• _Problem statement_
Copy nothing from the entries below except the lines from the one containing "mat_roof = bpy.data.materials.new('Roof')" through the one containing "n1.inputs[28].default_value = 1.0", and copy those exactly.

• _Records from a collection_
• • • • •
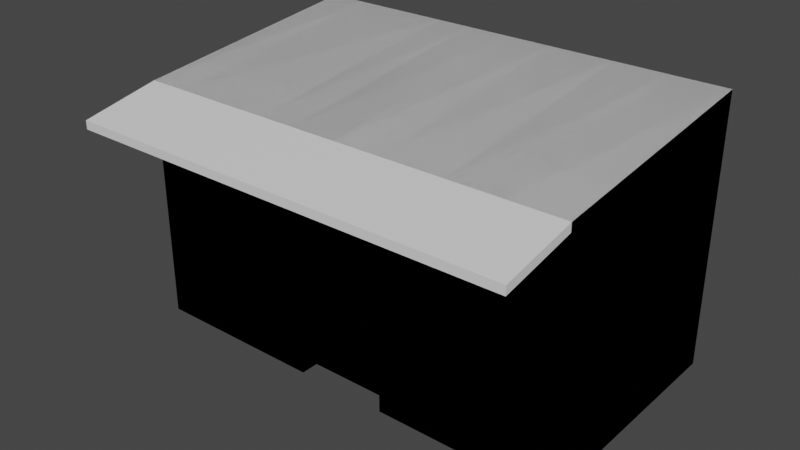 # Source: House_no3.blend  (saved by Blender 2.93.21; exported with 4.5.12 LTS)
import bpy
from mathutils import Matrix  # noqa: F401  (used for matrix-valued properties, if any)

bpy.ops.wm.read_factory_settings(use_empty=True)
scene = bpy.context.scene
scene.name = 'Scene'

# ---- collections
col_collection = bpy.data.collections.new('Collection'); scene.collection.children.link(col_collection)

# ---- materials (node trees are filled in below, after node groups)
mat_material = bpy.data.materials.new('Material')
mat_material.alpha_threshold = 0.0
mat_material.use_transparent_shadow = False
mat_material.line_color = (0.0, 0.0, 0.0, 1.0)
mat_bottom = bpy.data.materials.new('Bottom')
mat_bottom.use_transparent_shadow = False
mat_bottom_stairs = bpy.data.materials.new('Bottom_stairs')
mat_bottom_stairs.use_transparent_shadow = False
mat_ground_floor = bpy.data.materials.new('Ground_floor')
mat_ground_floor.use_transparent_shadow = False
mat_ground_floor_door = bpy.data.materials.new('Ground_floor_door')
mat_ground_floor_door.use_transparent_shadow = False
mat_ground_floor_window = bpy.data.materials.new('Ground_floor_window')
mat_ground_floor_window.use_transparent_shadow = False
mat_colums = bpy.data.materials.new('Colums')
mat_colums.use_transparent_shadow = False
mat_laders = bpy.data.materials.new('Laders')
mat_laders.use_transparent_shadow = False
mat_1st_floor_bottom = bpy.data.materials.new('1st_floor_bottom')
mat_1st_floor_bottom.use_transparent_shadow = False
mat_1st_floor_hole = bpy.data.materials.new('1st_floor_hole')
mat_1st_floor_hole.use_transparent_shadow = False
mat_1st_floor_door = bpy.data.materials.new('1st_floor_door')
mat_1st_floor_door.use_transparent_shadow = False
mat_1st_floor = bpy.data.materials.new('1st_floor')
mat_1st_floor.use_transparent_shadow = False
mat_bottom_door_frame = bpy.data.materials.new('Bottom_door_frame')
mat_bottom_door_frame.use_transparent_shadow = False
mat_1st_floor_door_frame = bpy.data.materials.new('1st_floor_door_frame')
mat_1st_floor_door_frame.use_transparent_shadow = False
mat_2nd_floor_bottom = bpy.data.materials.new('2nd_floor_bottom')
mat_2nd_floor_bottom.use_transparent_shadow = False
mat_2nd_floor_hole = bpy.data.materials.new('2nd_floor_hole')
mat_2nd_floor_hole.use_transparent_shadow = False
mat_2nd_floor_window = bpy.data.materials.new('2nd_floor_window')
mat_2nd_floor_window.use_transparent_shadow = False
mat_2nd_floor_win_frame = bpy.data.materials.new('2nd_floor_win_frame')
mat_2nd_floor_win_frame.use_transparent_shadow = False
mat_bottom_floor_wind_frame = bpy.data.materials.new('Bottom_floor_wind_frame')
mat_bottom_floor_wind_frame.use_transparent_shadow = False
mat_2nd_floor_door = bpy.data.materials.new('2nd_floor_door')
mat_2nd_floor_door.use_transparent_shadow = False
mat_2nd_floor_door_frame = bpy.data.materials.new('2nd_floor_door_frame')
mat_2nd_floor_door_frame.use_transparent_shadow = False
mat_2nd_floor = bpy.data.materials.new('2nd_floor')
mat_2nd_floor.use_transparent_shadow = False
mat_roof = bpy.data.materials.new('Roof')
mat_roof.use_transparent_shadow = False
mat_roof_inside = bpy.data.materials.new('Roof_inside')
mat_roof_inside.use_transparent_shadow = False
mat_window = bpy.data.materials.new('window')
mat_window.use_transparent_shadow = False

# ---- material node trees
mat_material.use_nodes = True; mat_material.node_tree.nodes.clear()
_N = mat_material.node_tree.nodes; _L = mat_material.node_tree.links
n0 = _N.new('ShaderNodeOutputMaterial'); n0.name = 'Material Output'; n0.location = (300, 300)
n1 = _N.new('ShaderNodeBsdfPrincipled'); n1.name = 'Principled BSDF'; n1.location = (10, 300)
n1.distribution = 'GGX'
n1.subsurface_method = 'BURLEY'
n1.inputs[2].default_value = 0.4
n1.inputs[3].default_value = 1.45
n1.inputs[27].default_value = (0.0, 0.0, 0.0, 1.0)
n1.inputs[28].default_value = 1.0
_L.new(n1.outputs[0], n0.inputs[0])
n0.is_active_output = True
mat_bottom.use_nodes = True; mat_bottom.node_tree.nodes.clear()
_N = mat_bottom.node_tree.nodes; _L = mat_bottom.node_tree.links
n0 = _N.new('ShaderNodeBsdfPrincipled'); n0.name = 'Principled BSDF'; n0.location = (10, 300)
n0.distribution = 'GGX'
n0.subsurface_method = 'BURLEY'
n0.inputs[3].default_value = 1.45
n0.inputs[27].default_value = (0.0, 0.0, 0.0, 1.0)
n0.inputs[28].default_value = 1.0
n1 = _N.new('ShaderNodeOutputMaterial'); n1.name = 'Material Output'; n1.location = (300, 300)
_L.new(n0.outputs[0], n1.inputs[0])
n1.is_active_output = True
mat_bottom_stairs.use_nodes = True; mat_bottom_stairs.node_tree.nodes.clear()
_N = mat_bottom_stairs.node_tree.nodes; _L = mat_bottom_stairs.node_tree.links
n0 = _N.new('ShaderNodeBsdfPrincipled'); n0.name = 'Principled BSDF'; n0.location = (10, 300)
n0.distribution = 'GGX'
n0.subsurface_method = 'BURLEY'
n0.inputs[3].default_value = 1.45
n0.inputs[27].default_value = (0.0, 0.0, 0.0, 1.0)
n0.inputs[28].default_value = 1.0
n1 = _N.new('ShaderNodeOutputMaterial'); n1.name = 'Material Output'; n1.location = (300, 300)
_L.new(n0.outputs[0], n1.inputs[0])
n1.is_active_output = True
mat_ground_floor.use_nodes = True; mat_ground_floor.node_tree.nodes.clear()
_N = mat_ground_floor.node_tree.nodes; _L = mat_ground_floor.node_tree.links
n0 = _N.new('ShaderNodeBsdfPrincipled'); n0.name = 'Principled BSDF'; n0.location = (10, 300)
n0.distribution = 'GGX'
n0.subsurface_method = 'BURLEY'
n0.inputs[3].default_value = 1.45
n0.inputs[27].default_value = (0.0, 0.0, 0.0, 1.0)
n0.inputs[28].default_value = 1.0
n1 = _N.new('ShaderNodeOutputMaterial'); n1.name = 'Material Output'; n1.location = (300, 300)
_L.new(n0.outputs[0], n1.inputs[0])
n1.is_active_output = True
mat_ground_floor_door.use_nodes = True; mat_ground_floor_door.node_tree.nodes.clear()
_N = mat_ground_floor_door.node_tree.nodes; _L = mat_ground_floor_door.node_tree.links
n0 = _N.new('ShaderNodeBsdfPrincipled'); n0.name = 'Principled BSDF'; n0.location = (10, 300)
n0.distribution = 'GGX'
n0.subsurface_method = 'BURLEY'
n0.inputs[3].default_value = 1.45
n0.inputs[27].default_value = (0.0, 0.0, 0.0, 1.0)
n0.inputs[28].default_value = 1.0
n1 = _N.new('ShaderNodeOutputMaterial'); n1.name = 'Material Output'; n1.location = (300, 300)
_L.new(n0.outputs[0], n1.inputs[0])
n1.is_active_output = True
mat_ground_floor_window.use_nodes = True; mat_ground_floor_window.node_tree.nodes.clear()
_N = mat_ground_floor_window.node_tree.nodes; _L = mat_ground_floor_window.node_tree.links
n0 = _N.new('ShaderNodeBsdfPrincipled'); n0.name = 'Principled BSDF'; n0.location = (10, 300)
n0.distribution = 'GGX'
n0.subsurface_method = 'BURLEY'
n0.inputs[3].default_value = 1.45
n0.inputs[27].default_value = (0.0, 0.0, 0.0, 1.0)
n0.inputs[28].default_value = 1.0
n1 = _N.new('ShaderNodeOutputMaterial'); n1.name = 'Material Output'; n1.location = (300, 300)
_L.new(n0.outputs[0], n1.inputs[0])
n1.is_active_output = True
mat_colums.use_nodes = True; mat_colums.node_tree.nodes.clear()
_N = mat_colums.node_tree.nodes; _L = mat_colums.node_tree.links
n0 = _N.new('ShaderNodeBsdfPrincipled'); n0.name = 'Principled BSDF'; n0.location = (10, 300)
n0.distribution = 'GGX'
n0.subsurface_method = 'BURLEY'
n0.inputs[3].default_value = 1.45
n0.inputs[27].default_value = (0.0, 0.0, 0.0, 1.0)
n0.inputs[28].default_value = 1.0
n1 = _N.new('ShaderNodeOutputMaterial'); n1.name = 'Material Output'; n1.location = (300, 300)
_L.new(n0.outputs[0], n1.inputs[0])
n1.is_active_output = True
mat_laders.use_nodes = True; mat_laders.node_tree.nodes.clear()
_N = mat_laders.node_tree.nodes; _L = mat_laders.node_tree.links
n0 = _N.new('ShaderNodeBsdfPrincipled'); n0.name = 'Principled BSDF'; n0.location = (10, 300)
n0.distribution = 'GGX'
n0.subsurface_method = 'BURLEY'
n0.inputs[3].default_value = 1.45
n0.inputs[27].default_value = (0.0, 0.0, 0.0, 1.0)
n0.inputs[28].default_value = 1.0
n1 = _N.new('ShaderNodeOutputMaterial'); n1.name = 'Material Output'; n1.location = (300, 300)
_L.new(n0.outputs[0], n1.inputs[0])
n1.is_active_output = True
mat_1st_floor_bottom.use_nodes = True; mat_1st_floor_bottom.node_tree.nodes.clear()
_N = mat_1st_floor_bottom.node_tree.nodes; _L = mat_1st_floor_bottom.node_tree.links
n0 = _N.new('ShaderNodeBsdfPrincipled'); n0.name = 'Principled BSDF'; n0.location = (10, 300)
n0.distribution = 'GGX'
n0.subsurface_method = 'BURLEY'
n0.inputs[3].default_value = 1.45
n0.inputs[27].default_value = (0.0, 0.0, 0.0, 1.0)
n0.inputs[28].default_value = 1.0
n1 = _N.new('ShaderNodeOutputMaterial'); n1.name = 'Material Output'; n1.location = (300, 300)
_L.new(n0.outputs[0], n1.inputs[0])
n1.is_active_output = True
mat_1st_floor_hole.use_nodes = True; mat_1st_floor_hole.node_tree.nodes.clear()
_N = mat_1st_floor_hole.node_tree.nodes; _L = mat_1st_floor_hole.node_tree.links
n0 = _N.new('ShaderNodeBsdfPrincipled'); n0.name = 'Principled BSDF'; n0.location = (10, 300)
n0.distribution = 'GGX'
n0.subsurface_method = 'BURLEY'
n0.inputs[3].default_value = 1.45
n0.inputs[27].default_value = (0.0, 0.0, 0.0, 1.0)
n0.inputs[28].default_value = 1.0
n1 = _N.new('ShaderNodeOutputMaterial'); n1.name = 'Material Output'; n1.location = (300, 300)
_L.new(n0.outputs[0], n1.inputs[0])
n1.is_active_output = True
mat_1st_floor_door.use_nodes = True; mat_1st_floor_door.node_tree.nodes.clear()
_N = mat_1st_floor_door.node_tree.nodes; _L = mat_1st_floor_door.node_tree.links
n0 = _N.new('ShaderNodeBsdfPrincipled'); n0.name = 'Principled BSDF'; n0.location = (10, 300)
n0.distribution = 'GGX'
n0.subsurface_method = 'BURLEY'
n0.inputs[3].default_value = 1.45
n0.inputs[27].default_value = (0.0, 0.0, 0.0, 1.0)
n0.inputs[28].default_value = 1.0
n1 = _N.new('ShaderNodeOutputMaterial'); n1.name = 'Material Output'; n1.location = (300, 300)
_L.new(n0.outputs[0], n1.inputs[0])
n1.is_active_output = True
mat_1st_floor.use_nodes = True; mat_1st_floor.node_tree.nodes.clear()
_N = mat_1st_floor.node_tree.nodes; _L = mat_1st_floor.node_tree.links
n0 = _N.new('ShaderNodeBsdfPrincipled'); n0.name = 'Principled BSDF'; n0.location = (10, 300)
n0.distribution = 'GGX'
n0.subsurface_method = 'BURLEY'
n0.inputs[3].default_value = 1.45
n0.inputs[27].default_value = (0.0, 0.0, 0.0, 1.0)
n0.inputs[28].default_value = 1.0
n1 = _N.new('ShaderNodeOutputMaterial'); n1.name = 'Material Output'; n1.location = (300, 300)
_L.new(n0.outputs[0], n1.inputs[0])
n1.is_active_output = True
mat_bottom_door_frame.use_nodes = True; mat_bottom_door_frame.node_tree.nodes.clear()
_N = mat_bottom_door_frame.node_tree.nodes; _L = mat_bottom_door_frame.node_tree.links
n0 = _N.new('ShaderNodeBsdfPrincipled'); n0.name = 'Principled BSDF'; n0.location = (10, 300)
n0.distribution = 'GGX'
n0.subsurface_method = 'BURLEY'
n0.inputs[3].default_value = 1.45
n0.inputs[27].default_value = (0.0, 0.0, 0.0, 1.0)
n0.inputs[28].default_value = 1.0
n1 = _N.new('ShaderNodeOutputMaterial'); n1.name = 'Material Output'; n1.location = (300, 300)
_L.new(n0.outputs[0], n1.inputs[0])
n1.is_active_output = True
mat_1st_floor_door_frame.use_nodes = True; mat_1st_floor_door_frame.node_tree.nodes.clear()
_N = mat_1st_floor_door_frame.node_tree.nodes; _L = mat_1st_floor_door_frame.node_tree.links
n0 = _N.new('ShaderNodeBsdfPrincipled'); n0.name = 'Principled BSDF'; n0.location = (10, 300)
n0.distribution = 'GGX'
n0.subsurface_method = 'BURLEY'
n0.inputs[3].default_value = 1.45
n0.inputs[27].default_value = (0.0, 0.0, 0.0, 1.0)
n0.inputs[28].default_value = 1.0
n1 = _N.new('ShaderNodeOutputMaterial'); n1.name = 'Material Output'; n1.location = (300, 300)
_L.new(n0.outputs[0], n1.inputs[0])
n1.is_active_output = True
mat_2nd_floor_bottom.use_nodes = True; mat_2nd_floor_bottom.node_tree.nodes.clear()
_N = mat_2nd_floor_bottom.node_tree.nodes; _L = mat_2nd_floor_bottom.node_tree.links
n0 = _N.new('ShaderNodeBsdfPrincipled'); n0.name = 'Principled BSDF'; n0.location = (10, 300)
n0.distribution = 'GGX'
n0.subsurface_method = 'BURLEY'
n0.inputs[3].default_value = 1.45
n0.inputs[27].default_value = (0.0, 0.0, 0.0, 1.0)
n0.inputs[28].default_value = 1.0
n1 = _N.new('ShaderNodeOutputMaterial'); n1.name = 'Material Output'; n1.location = (300, 300)
_L.new(n0.outputs[0], n1.inputs[0])
n1.is_active_output = True
mat_2nd_floor_hole.use_nodes = True; mat_2nd_floor_hole.node_tree.nodes.clear()
_N = mat_2nd_floor_hole.node_tree.nodes; _L = mat_2nd_floor_hole.node_tree.links
n0 = _N.new('ShaderNodeBsdfPrincipled'); n0.name = 'Principled BSDF'; n0.location = (10, 300)
n0.distribution = 'GGX'
n0.subsurface_method = 'BURLEY'
n0.inputs[3].default_value = 1.45
n0.inputs[27].default_value = (0.0, 0.0, 0.0, 1.0)
n0.inputs[28].default_value = 1.0
n1 = _N.new('ShaderNodeOutputMaterial'); n1.name = 'Material Output'; n1.location = (300, 300)
_L.new(n0.outputs[0], n1.inputs[0])
n1.is_active_output = True
mat_2nd_floor_window.use_nodes = True; mat_2nd_floor_window.node_tree.nodes.clear()
_N = mat_2nd_floor_window.node_tree.nodes; _L = mat_2nd_floor_window.node_tree.links
n0 = _N.new('ShaderNodeBsdfPrincipled'); n0.name = 'Principled BSDF'; n0.location = (10, 300)
n0.distribution = 'GGX'
n0.subsurface_method = 'BURLEY'
n0.inputs[3].default_value = 1.45
n0.inputs[27].default_value = (0.0, 0.0, 0.0, 1.0)
n0.inputs[28].default_value = 1.0
n1 = _N.new('ShaderNodeOutputMaterial'); n1.name = 'Material Output'; n1.location = (300, 300)
_L.new(n0.outputs[0], n1.inputs[0])
n1.is_active_output = True
mat_2nd_floor_win_frame.use_nodes = True; mat_2nd_floor_win_frame.node_tree.nodes.clear()
_N = mat_2nd_floor_win_frame.node_tree.nodes; _L = mat_2nd_floor_win_frame.node_tree.links
n0 = _N.new('ShaderNodeBsdfPrincipled'); n0.name = 'Principled BSDF'; n0.location = (10, 300)
n0.distribution = 'GGX'
n0.subsurface_method = 'BURLEY'
n0.inputs[3].default_value = 1.45
n0.inputs[27].default_value = (0.0, 0.0, 0.0, 1.0)
n0.inputs[28].default_value = 1.0
n1 = _N.new('ShaderNodeOutputMaterial'); n1.name = 'Material Output'; n1.location = (300, 300)
_L.new(n0.outputs[0], n1.inputs[0])
n1.is_active_output = True
mat_bottom_floor_wind_frame.use_nodes = True; mat_bottom_floor_wind_frame.node_tree.nodes.clear()
_N = mat_bottom_floor_wind_frame.node_tree.nodes; _L = mat_bottom_floor_wind_frame.node_tree.links
n0 = _N.new('ShaderNodeBsdfPrincipled'); n0.name = 'Principled BSDF'; n0.location = (10, 300)
n0.distribution = 'GGX'
n0.subsurface_method = 'BURLEY'
n0.inputs[3].default_value = 1.45
n0.inputs[27].default_value = (0.0, 0.0, 0.0, 1.0)
n0.inputs[28].default_value = 1.0
n1 = _N.new('ShaderNodeOutputMaterial'); n1.name = 'Material Output'; n1.location = (300, 300)
_L.new(n0.outputs[0], n1.inputs[0])
n1.is_active_output = True
mat_2nd_floor_door.use_nodes = True; mat_2nd_floor_door.node_tree.nodes.clear()
_N = mat_2nd_floor_door.node_tree.nodes; _L = mat_2nd_floor_door.node_tree.links
n0 = _N.new('ShaderNodeBsdfPrincipled'); n0.name = 'Principled BSDF'; n0.location = (10, 300)
n0.distribution = 'GGX'
n0.subsurface_method = 'BURLEY'
n0.inputs[3].default_value = 1.45
n0.inputs[27].default_value = (0.0, 0.0, 0.0, 1.0)
n0.inputs[28].default_value = 1.0
n1 = _N.new('ShaderNodeOutputMaterial'); n1.name = 'Material Output'; n1.location = (300, 300)
_L.new(n0.outputs[0], n1.inputs[0])
n1.is_active_output = True
mat_2nd_floor_door_frame.use_nodes = True; mat_2nd_floor_door_frame.node_tree.nodes.clear()
_N = mat_2nd_floor_door_frame.node_tree.nodes; _L = mat_2nd_floor_door_frame.node_tree.links
n0 = _N.new('ShaderNodeBsdfPrincipled'); n0.name = 'Principled BSDF'; n0.location = (10, 300)
n0.distribution = 'GGX'
n0.subsurface_method = 'BURLEY'
n0.inputs[3].default_value = 1.45
n0.inputs[27].default_value = (0.0, 0.0, 0.0, 1.0)
n0.inputs[28].default_value = 1.0
n1 = _N.new('ShaderNodeOutputMaterial'); n1.name = 'Material Output'; n1.location = (300, 300)
_L.new(n0.outputs[0], n1.inputs[0])
n1.is_active_output = True
mat_2nd_floor.use_nodes = True; mat_2nd_floor.node_tree.nodes.clear()
_N = mat_2nd_floor.node_tree.nodes; _L = mat_2nd_floor.node_tree.links
n0 = _N.new('ShaderNodeBsdfPrincipled'); n0.name = 'Principled BSDF'; n0.location = (10, 300)
n0.distribution = 'GGX'
n0.subsurface_method = 'BURLEY'
n0.inputs[3].default_value = 1.45
n0.inputs[27].default_value = (0.0, 0.0, 0.0, 1.0)
n0.inputs[28].default_value = 1.0
n1 = _N.new('ShaderNodeOutputMaterial'); n1.name = 'Material Output'; n1.location = (300, 300)
_L.new(n0.outputs[0], n1.inputs[0])
n1.is_active_output = True
mat_roof.use_nodes = True; mat_roof.node_tree.nodes.clear()
_N = mat_roof.node_tree.nodes; _L = mat_roof.node_tree.links
n0 = _N.new('ShaderNodeBsdfPrincipled'); n0.name = 'Principled BSDF'; n0.location = (10, 300)
n0.distribution = 'GGX'
n0.subsurface_method = 'BURLEY'
n0.inputs[3].default_value = 1.45
n0.inputs[27].default_value = (0.0, 0.0, 0.0, 1.0)
n0.inputs[28].default_value = 1.0
n1 = _N.new('ShaderNodeOutputMaterial'); n1.name = 'Material Output'; n1.location = (300, 300)
_L.new(n0.outputs[0], n1.inputs[0])
n1.is_active_output = True
mat_roof_inside.use_nodes = True; mat_roof_inside.node_tree.nodes.clear()
_N = mat_roof_inside.node_tree.nodes; _L = mat_roof_inside.node_tree.links
n0 = _N.new('ShaderNodeBsdfPrincipled'); n0.name = 'Principled BSDF'; n0.location = (10, 300)
n0.distribution = 'GGX'
n0.subsurface_method = 'BURLEY'
n0.inputs[3].default_value = 1.45
n0.inputs[27].default_value = (0.0, 0.0, 0.0, 1.0)
n0.inputs[28].default_value = 1.0
n1 = _N.new('ShaderNodeOutputMaterial'); n1.name = 'Material Output'; n1.location = (300, 300)
_L.new(n0.outputs[0], n1.inputs[0])
n1.is_active_output = True
mat_window.use_nodes = True; mat_window.node_tree.nodes.clear()
_N = mat_window.node_tree.nodes; _L = mat_window.node_tree.links
n0 = _N.new('ShaderNodeBsdfPrincipled'); n0.name = 'Principled BSDF'; n0.location = (10, 300)
n0.distribution = 'GGX'
n0.subsurface_method = 'BURLEY'
n0.inputs[3].default_value = 1.45
n0.inputs[27].default_value = (0.0, 0.0, 0.0, 1.0)
n0.inputs[28].default_value = 1.0
n1 = _N.new('ShaderNodeOutputMaterial'); n1.name = 'Material Output'; n1.location = (300, 300)
_L.new(n0.outputs[0], n1.inputs[0])
n1.is_active_output = True

# ---- world
world_world = bpy.data.worlds.new('World'); scene.world = world_world
world_world.use_nodes = True; world_world.node_tree.nodes.clear()
_N = world_world.node_tree.nodes; _L = world_world.node_tree.links
n0 = _N.new('ShaderNodeOutputWorld'); n0.name = 'World Output'; n0.location = (300, 300)
n1 = _N.new('ShaderNodeBackground'); n1.name = 'Background'; n1.location = (10, 300)
n1.inputs[0].default_value = (0.05088, 0.05088, 0.05088, 1.0)
_L.new(n1.outputs[0], n0.inputs[0])
n0.is_active_output = True
world_world.color = (0.05088, 0.05088, 0.05088)
world_world.use_sun_shadow = False
world_world.sun_shadow_jitter_overblur = 0.0

# ---- meshes
me_cube_003 = bpy.data.meshes.new('Cube.003')
me_cube_003.from_pydata([(-343.4, -145.6, -0.0008452), (-343.4, -145.6, 5.58), (-343.4, 235.2, -0.0008452), (-343.4, 235.2, 6.204), (339.8, -145.6, -0.0008452), (339.8, -145.6, 5.58), (339.8, 235.2, -0.0008452), (339.8, 235.2, 6.204), (-1.811, 235.2, -0.0008452), (-1.811, 235.2, 6.204), (-1.811, -145.6, 5.58), (-131.1, 235.2, -0.0008452), (-131.1, -145.6, 5.58), (-131.1, 235.2, 6.204), (-131.1, -145.6, -0.0008452), (169.0, 235.2, 6.204), (169.0, -145.6, -0.0008452), (169.0, 235.2, -0.0008452), (169.0, -145.6, 5.58), (68.71, 235.2, -0.0008452), (68.71, -145.6, 5.58), (68.71, 235.2, 6.204), (68.71, -145.6, -0.0008452), (-73.62, 235.2, 6.204), (-73.62, -145.6, -0.0008452), (-73.62, 235.2, -0.0008452), (-73.62, -145.6, 5.58), (-343.4, -145.6, 2.79), (-343.4, 235.2, 2.79), (339.8, 235.2, 2.79), (339.8, -145.6, 2.79), (-1.811, 235.2, 2.79), (-131.1, 235.2, 2.79), (-131.1, -145.6, 2.79), (169.0, -145.6, 2.79), (169.0, 235.2, 2.79), (68.71, 235.2, 2.79), (68.71, -145.6, 2.79), (-73.62, -145.6, 2.79), (-73.62, 235.2, 2.79), (-343.4, -145.6, 3.855), (-343.4, 235.2, 3.855), (339.8, 235.2, 3.855), (339.8, -145.6, 3.855), (-1.811, -145.6, 3.855), (-1.811, 235.2, 3.855), (-131.1, 235.2, 3.855), (-131.1, -145.6, 3.855), (169.0, -145.6, 3.855), (169.0, 235.2, 3.855), (68.71, 235.2, 3.855), (68.71, -145.6, 3.855), (-73.62, -145.6, 3.855), (-73.62, 235.2, 3.855), (-73.62, -117.5, -0.0008452), (-1.811, -117.5, -0.0008452), (68.71, -117.5, -0.0008452), (-282.5, -122.7, 1.914), (-131.1, -122.7, 1.914), (-1.811, -117.5, 3.855), (-1.811, -117.5, 2.79), (68.71, -117.5, 3.855), (68.71, -117.5, 2.79), (-73.62, -117.5, 3.855), (-73.62, -117.5, 2.79), (-282.5, 235.2, -0.0008452), (-282.5, -145.6, 5.58), (-282.5, 235.2, 6.204), (-282.5, -145.6, -0.0008452), (-282.5, 235.2, 2.79), (-282.5, -145.6, 2.79), (-282.5, 235.2, 3.855), (-282.5, -145.6, 3.855), (-282.5, -122.7, 3.855), (-131.1, -122.7, 3.855), (254.4, 235.2, 6.204), (254.4, -145.6, -0.0008452), (254.4, 235.2, -0.0008452), (254.4, -145.6, 5.58), (254.4, -145.6, 2.79), (254.4, 235.2, 2.79), (254.4, -145.6, 3.855), (254.4, 235.2, 3.855), (-282.5, -122.7, 2.79), (-131.1, -122.7, 2.79), (-343.4, -145.6, 1.914), (-343.4, 235.2, 1.914), (339.8, 235.2, 1.914), (339.8, -145.6, 1.914), (-1.811, 235.2, 1.914), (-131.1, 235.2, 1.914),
• • • • •
• _Solution to this exercise_
mat_roof = bpy.data.materials.new('Roof')
mat_roof.use_transparent_shadow = False
mat_roof_inside = bpy.data.materials.new('Roof_inside')
mat_roof_inside.use_transparent_shadow = False
mat_window = bpy.data.materials.new('window')
mat_window.use_transparent_shadow = False

# ---- material node trees
mat_material.use_nodes = True; mat_material.node_tree.nodes.clear()
_N = mat_material.node_tree.nodes; _L = mat_material.node_tree.links
n0 = _N.new('ShaderNodeOutputMaterial'); n0.name = 'Material Output'; n0.location = (300, 300)
n1 = _N.new('ShaderNodeBsdfPrincipled'); n1.name = 'Principled BSDF'; n1.location = (10, 300)
n1.distribution = 'GGX'
n1.subsurface_method = 'BURLEY'
n1.inputs[2].default_value = 0.4
n1.inputs[3].default_value = 1.45
n1.inputs[27].default_value = (0.0, 0.0, 0.0, 1.0)
n1.inputs[28].default_value = 1.0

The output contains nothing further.